The Applied Technology Council is working to create a neutral file format that can reliably transfer structural engineering information from one form of BIM software to another. The ATC is a nonprofit that was established to serve the role of moderator in technology transference.

July 01, 2008

The Applied Technology Council is working to create a neutral file format that can reliably transfer structural engineering information from one form of BIM software to another. The ATC is a nonprofit that was established to serve the role of moderator in technology transference.

The $400,000 project is being funded by the Charles Pankow Foundation, which was started by California builder Charles J. Pankow of Pankow Builders to support advances in building design and construction.

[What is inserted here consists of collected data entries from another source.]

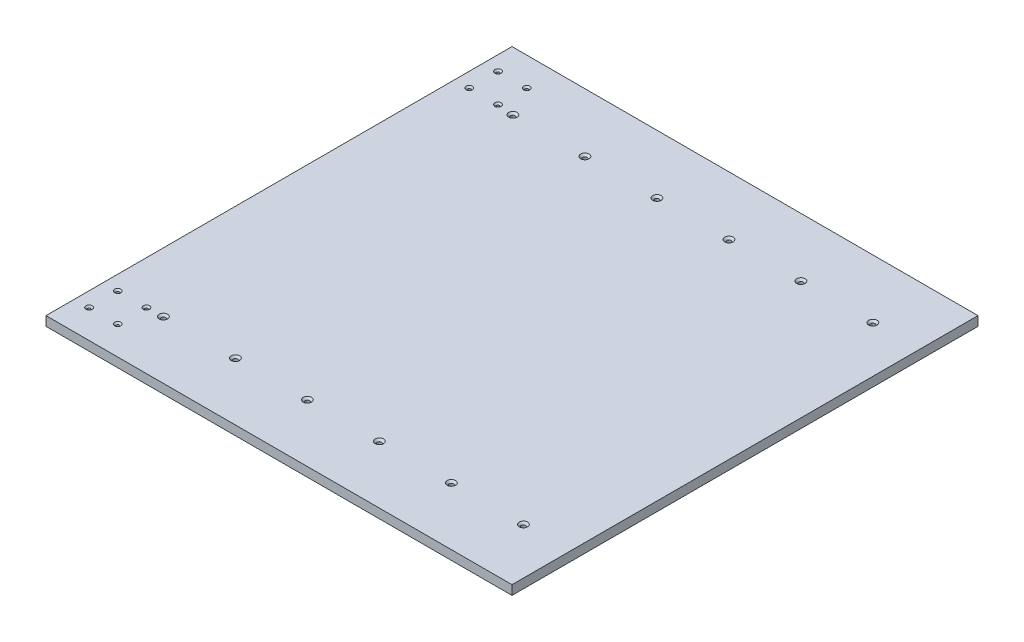
from build123d import *

# Parameters (mm, degrees)
SZKIC1_W                                             = 500
SZKIC1_H                                             = 500
DODANIE_WYCI_GNI_CIE1_DEPTH                          = 10
POG_BIENIE_STO_KOWE_POD_M3_WKR_T_USTALAJ_D           = 3.4
POG_BIENIE_STO_KOWE_POD_M3_WKR_T_USTALAJ_DEPTH       = 10
POG_BIENIE_STO_KOWE_POD_M3_WKR_T_USTALAJ_CSINK_D     = 6.72
POG_BIENIE_STO_KOWE_POD_M3_WKR_T_USTALAJ_CSINK_ANGLE = 90
POG_BIENIE_STO_KOWE_POD_M3_WKR_T_USTALAJ_TIP         = 1.021463052
POG_BIENIE_STO_KOWE_POD_M4_WKR_T_USTALAJ_D           = 4.8
POG_BIENIE_STO_KOWE_POD_M4_WKR_T_USTALAJ_DEPTH       = 11.5
POG_BIENIE_STO_KOWE_POD_M4_WKR_T_USTALAJ_CSINK_D     = 8.96
POG_BIENIE_STO_KOWE_POD_M4_WKR_T_USTALAJ_CSINK_ANGLE = 90
POG_BIENIE_STO_KOWE_POD_M4_WKR_T_USTALAJ_TIP         = 1.442065486
SZKIC8_W                                             = 400
SZKIC8_H                                             = 10
WYTNIJ_WYCI_GNI_CIE1_DEPTH                           = 1
ZAOKR_GLENIE1_R                                      = 2


with BuildPart() as part:
    # Szkic1 → Dodanie-wyciągnięcie1 (new body)
    with BuildSketch(Plane(origin=(0, 0, 0), x_dir=(1, 0, 0), z_dir=(0, 1, 0))):
        with Locations((250, 250)):
            Rectangle(SZKIC1_W, SZKIC1_H)
    extrude(amount=DODANIE_WYCI_GNI_CIE1_DEPTH)

    # Pogłębienie stożkowe pod M3 Wkręt ustalający1
    with Locations(Plane(origin=(0, 10, 0), x_dir=(1, 0, 0), z_dir=(0, 1, 0))):
        with Locations((46.4, 30.6), (46.4, 61.4), (15.6, 61.4), (15.6, 30.6), (46.4, 438.6), (46.4, 469.4), (15.6, 469.4), (15.6, 438.6)):
            CounterSinkHole(POG_BIENIE_STO_KOWE_POD_M3_WKR_T_USTALAJ_D / 2, POG_BIENIE_STO_KOWE_POD_M3_WKR_T_USTALAJ_CSINK_D / 2, depth=POG_BIENIE_STO_KOWE_POD_M3_WKR_T_USTALAJ_DEPTH, counter_sink_angle=POG_BIENIE_STO_KOWE_POD_M3_WKR_T_USTALAJ_CSINK_ANGLE)
            with Locations((0, 0, -(POG_BIENIE_STO_KOWE_POD_M3_WKR_T_USTALAJ_DEPTH + POG_BIENIE_STO_KOWE_POD_M3_WKR_T_USTALAJ_TIP / 2))):  # 118° drill point
                Cone(0, POG_BIENIE_STO_KOWE_POD_M3_WKR_T_USTALAJ_D / 2, POG_BIENIE_STO_KOWE_POD_M3_WKR_T_USTALAJ_TIP, mode=Mode.SUBTRACT)

    # Pogłębienie stożkowe pod M4 Wkręt ustalający1
    with Locations(Plane(origin=(0, 10, 0), x_dir=(1, 0, 0), z_dir=(0, 1, 0))):
        with Locations((63.9, 62.07), (141.15, 62.07), (218.4, 62.07), (295.65, 62.07), (372.9, 62.07), (450.15, 62.07), (141.15, 437.07), (218.4, 437.07), (295.65, 437.07), (372.9, 437.07), (450.15, 437.07), (63.9, 437.07)):
            CounterSinkHole(POG_BIENIE_STO_KOWE_POD_M4_WKR_T_USTALAJ_D / 2, POG_BIENIE_STO_KOWE_POD_M4_WKR_T_USTALAJ_CSINK_D / 2, depth=POG_BIENIE_STO_KOWE_POD_M4_WKR_T_USTALAJ_DEPTH, counter_sink_angle=POG_BIENIE_STO_KOWE_POD_M4_WKR_T_USTALAJ_CSINK_ANGLE)
            with Locations((0, 0, -(POG_BIENIE_STO_KOWE_POD_M4_WKR_T_USTALAJ_DEPTH + POG_BIENIE_STO_KOWE_POD_M4_WKR_T_USTALAJ_TIP / 2))):  # 118° drill point
                Cone(0, POG_BIENIE_STO_KOWE_POD_M4_WKR_T_USTALAJ_D / 2, POG_BIENIE_STO_KOWE_POD_M4_WKR_T_USTALAJ_TIP, mode=Mode.SUBTRACT)

    # Szkic8 → Wytnij-wyciągnięcie1 (cut)
    with BuildSketch(Plane.XZ):
        with Locations((260, -42)):
            Rectangle(SZKIC8_W, SZKIC8_H)
        with Locations((260, -82)):
            Rectangle(SZKIC8_W, SZKIC8_H)
        with Locations((260, -457)):
            Rectangle(SZKIC8_W, SZKIC8_H)
        with Locations((260, -417)):
            Rectangle(SZKIC8_W, SZKIC8_H)
    extrude(amount=-WYTNIJ_WYCI_GNI_CIE1_DEPTH, mode=Mode.SUBTRACT)

    # Zaokrąglenie1
    # the kernel refuses this fillet: 2 mm, written as the material it adds along each edge
    with BuildSketch(Plane(origin=(460, 1, -466.330127019), x_dir=(0, -1, 0), z_dir=(0, 0, 1)), Plane(origin=(60, 1, -447.669872981), x_dir=(0, -1, 0), z_dir=(0, 0, -1)), Plane(origin=(460, 1, -426.330127019), x_dir=(0, -1, 0), z_dir=(0, 0, 1)), Plane(origin=(60, 1, -407.669872981), x_dir=(0, -1, 0), z_dir=(0, 0, -1)), Plane(origin=(460, 1, -91.330127019), x_dir=(0, -1, 0), z_dir=(0, 0, 1)), Plane(origin=(60, 1, -72.669872981), x_dir=(0, -1, 0), z_dir=(0, 0, -1))) as zaokr_glenie1_piece_1:
        with BuildLine():
            CenterArc((2, -1.732050808), ZAOKR_GLENIE1_R, 120, 60)
            Line((0, -1.732050808), (-0.04, -1.732050808))
            Line((-0.04, -1.732050808), (-0.04, 0))
            Line((-0.04, 0), (0, 0.04))
            ThreePointArc((0, 0.04), (0.5, 0.04), (0.98, 0.034641016))
            Line((0.98, 0.034641016), (1, 0))
        make_face()
    extrude(amount=18.660254038)
    with BuildSketch(Plane(origin=(55.669872981, 1, -462), x_dir=(0, -1, 0), z_dir=(1, 0, 0)), Plane(origin=(464.330127019, 1, -452), x_dir=(0, -1, 0), z_dir=(-1, 0, 0)), Plane(origin=(55.669872981, 1, -422), x_dir=(0, -1, 0), z_dir=(1, 0, 0)), Plane(origin=(464.330127019, 1, -412), x_dir=(0, -1, 0), z_dir=(-1, 0, 0)), Plane(origin=(55.669872981, 1, -87), x_dir=(0, -1, 0), z_dir=(1, 0, 0)), Plane(origin=(464.330127019, 1, -77), x_dir=(0, -1, 0), z_dir=(-1, 0, 0))) as zaokr_glenie1_piece_2:
        with BuildLine():
            CenterArc((2, -1.732050808), ZAOKR_GLENIE1_R, 120, 60)
            Line((0, -1.732050808), (-0.04, -1.732050808))
            Line((-0.04, -1.732050808), (-0.04, 0))
            Line((-0.04, 0), (0, 0.04))
            ThreePointArc((0, 0.04), (0.5, 0.04), (0.98, 0.034641016))
            Line((0.98, 0.034641016), (1, 0))
        make_face()
    extrude(amount=408.660254038)
    with BuildSketch(Plane(origin=(55.669872981, 1, -37), x_dir=(0, -1, 0), z_dir=(1, 0, 0)), Plane(origin=(464.330127019, 1, -47), x_dir=(0, -1, 0), z_dir=(-1, 0, 0))) as zaokr_glenie1_piece_3:
        with BuildLine():
            CenterArc((2, 1.732050808), ZAOKR_GLENIE1_R, 180, 60)
            Line((0, 1.732050808), (-0.04, 1.732050808))
            Line((-0.04, 1.732050808), (-0.04, 0))
            Line((-0.04, 0), (0, -0.04))
            ThreePointArc((0, -0.04), (0.5, -0.04), (0.98, -0.034641016))
            Line((0.98, -0.034641016), (1, 0))
        make_face()
    extrude(amount=408.660254038)
    with BuildSketch(Plane(origin=(460, 1, -32.669872981), x_dir=(0, -1, 0), z_dir=(0, 0, -1)), Plane(origin=(60, 1, -51.330127019), x_dir=(0, -1, 0), z_dir=(0, 0, 1))) as zaokr_glenie1_piece_4:
        with BuildLine():
            CenterArc((2, 1.732050808), ZAOKR_GLENIE1_R, 180, 60)
            Line((0, 1.732050808), (-0.04, 1.732050808))
            Line((-0.04, 1.732050808), (-0.04, 0))
            Line((-0.04, 0), (0, -0.04))
            ThreePointArc((0, -0.04), (0.5, -0.04), (0.98, -0.034641016))
            Line((0.98, -0.034641016), (1, 0))
        make_face()
    extrude(amount=18.660254038)


solid = part.part

The project brings together panels of researchers, engineering professionals and software developers to create structural component Industry Foundation Classes, a BIM file format that was developed by the International Alliance for Interoperability to create interoperability in the building industry.

Representatives from software companies such as AutoDesk, which created BIM program Revit Structure, and Bentley, which created Bentley Structure, will participate on the project management committee with industry representatives from the American Institute of Steel Construction and the American Concrete Institute, according to the Portland, OR, Daily Journal of Commerce.

The ease of exchanging information on BIM using these neutral files has been proven abroad; the Danish government has already made IFCs a standard for its public building projects. It is also used by the automotive and aviation industries in the U.S. But the technology hasn’t yet taken off in the structural engineering industry because it is made up of disassociated, small companies that can’t support the effort on their own.

The buildingSMART alliance, which developed the National Building Information Model Standard, identified that loss of productivity from glitches in BIM software costs firms nearly $399 billion each year.

The Applied Technology Council, 40 percent complete with the project, is currently generating the initial software code for the IFCs. In August, the software exchanges will be tested by using sample projects.